Proceedings is a 96-page monthly magazine published by the United States Naval Institute.  Launched in 1874, it is one of the oldest continuously published magazines in the United States. Proceedings covers topics concerning global security and includes articles from military professionals and civilian experts, historical essays, book reviews, full-color photography, and reader commentary. Roughly a third are written by active-duty personnel, a third by retired military, and a third by civilians.
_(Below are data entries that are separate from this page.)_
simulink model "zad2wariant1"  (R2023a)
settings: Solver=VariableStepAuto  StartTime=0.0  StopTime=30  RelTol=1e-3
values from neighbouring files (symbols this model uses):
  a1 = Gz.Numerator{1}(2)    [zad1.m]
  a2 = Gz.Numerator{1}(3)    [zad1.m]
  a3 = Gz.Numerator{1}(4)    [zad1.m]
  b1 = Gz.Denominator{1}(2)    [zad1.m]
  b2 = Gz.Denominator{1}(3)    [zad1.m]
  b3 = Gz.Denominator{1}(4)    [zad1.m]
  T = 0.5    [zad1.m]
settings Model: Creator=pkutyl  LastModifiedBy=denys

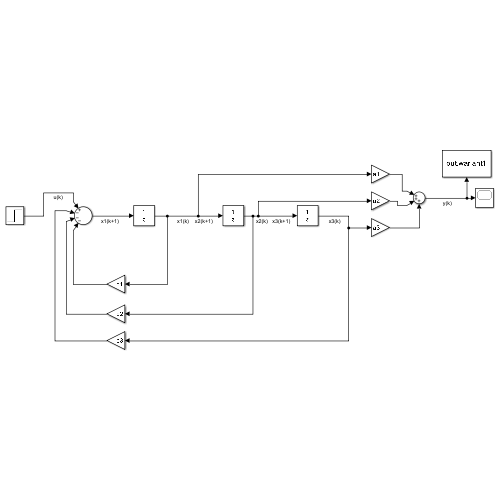
[thumbnail: Simulink's stored preview of the top-level diagram]
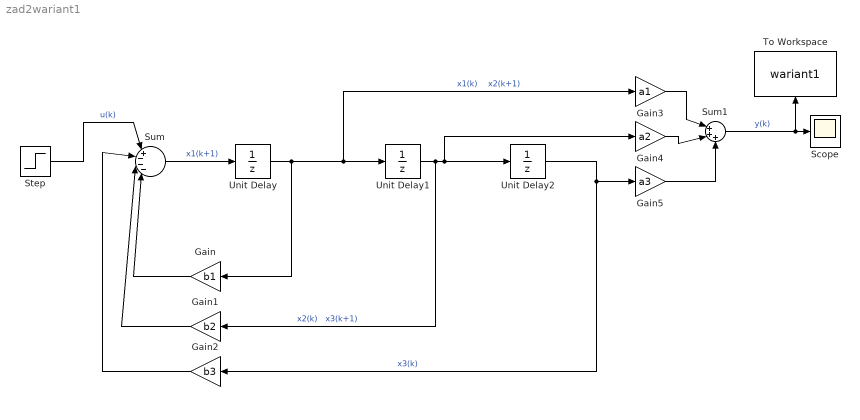
== system zad2wariant1 ==
  Gain : Gain  Gain=b1
  Gain1 : Gain  Gain=b2
  Gain2 : Gain  Gain=b3
  Gain3 : Gain  Gain=a1
  Gain4 : Gain  Gain=a2
  Gain5 : Gain  Gain=a3
  Scope : Scope
  Step : Step  SampleTime=T
  Sum : Sum  Inputs=|+---|
  Sum1 : Sum  Inputs=|+++
  To Workspace : ToWorkspace  VariableName=wariant1  SaveFormat=Timeseries  SampleTime=T
  Unit Delay : UnitDelay  SampleTime=-1  HasFrameUpgradeWarning=on
  Unit Delay1 : UnitDelay  SampleTime=-1  HasFrameUpgradeWarning=on
  Unit Delay2 : UnitDelay  SampleTime=-1  HasFrameUpgradeWarning=on
  wires:
  Step/1 -> Sum/1  "u(k)"
  Sum/1 -> Unit Delay/1  "x1(k+1)"
  Unit Delay/1 -> Gain3/1, Unit Delay1/1, Gain/1  "x1(k)    x2(k+1)"
  Unit Delay1/1 -> Unit Delay2/1, Gain4/1, Gain1/1  "x2(k)   x3(k+1)"
  Unit Delay2/1 -> Gain2/1, Gain5/1  "x3(k)"
  Sum1/1 -> Scope/1, To Workspace/1  "y(k)"
  Gain/1 -> Sum/4
  Gain1/1 -> Sum/3
  Gain2/1 -> Sum/2
  Gain3/1 -> Sum1/1
  Gain4/1 -> Sum1/2
  Gain5/1 -> Sum1/3

Proceedings also frequently carries feature articles by Secretaries of Defense, Secretaries of the Navy, Chairmen of the Joint Chiefs of Staff, and top leaders of the Navy, Marine Corps and Coast Guard.

Notable contributors
Over the decades many notable names have contributed articles to Proceedings either early in their careers or when they reached the upper echelons of leadership, and in many cases, both.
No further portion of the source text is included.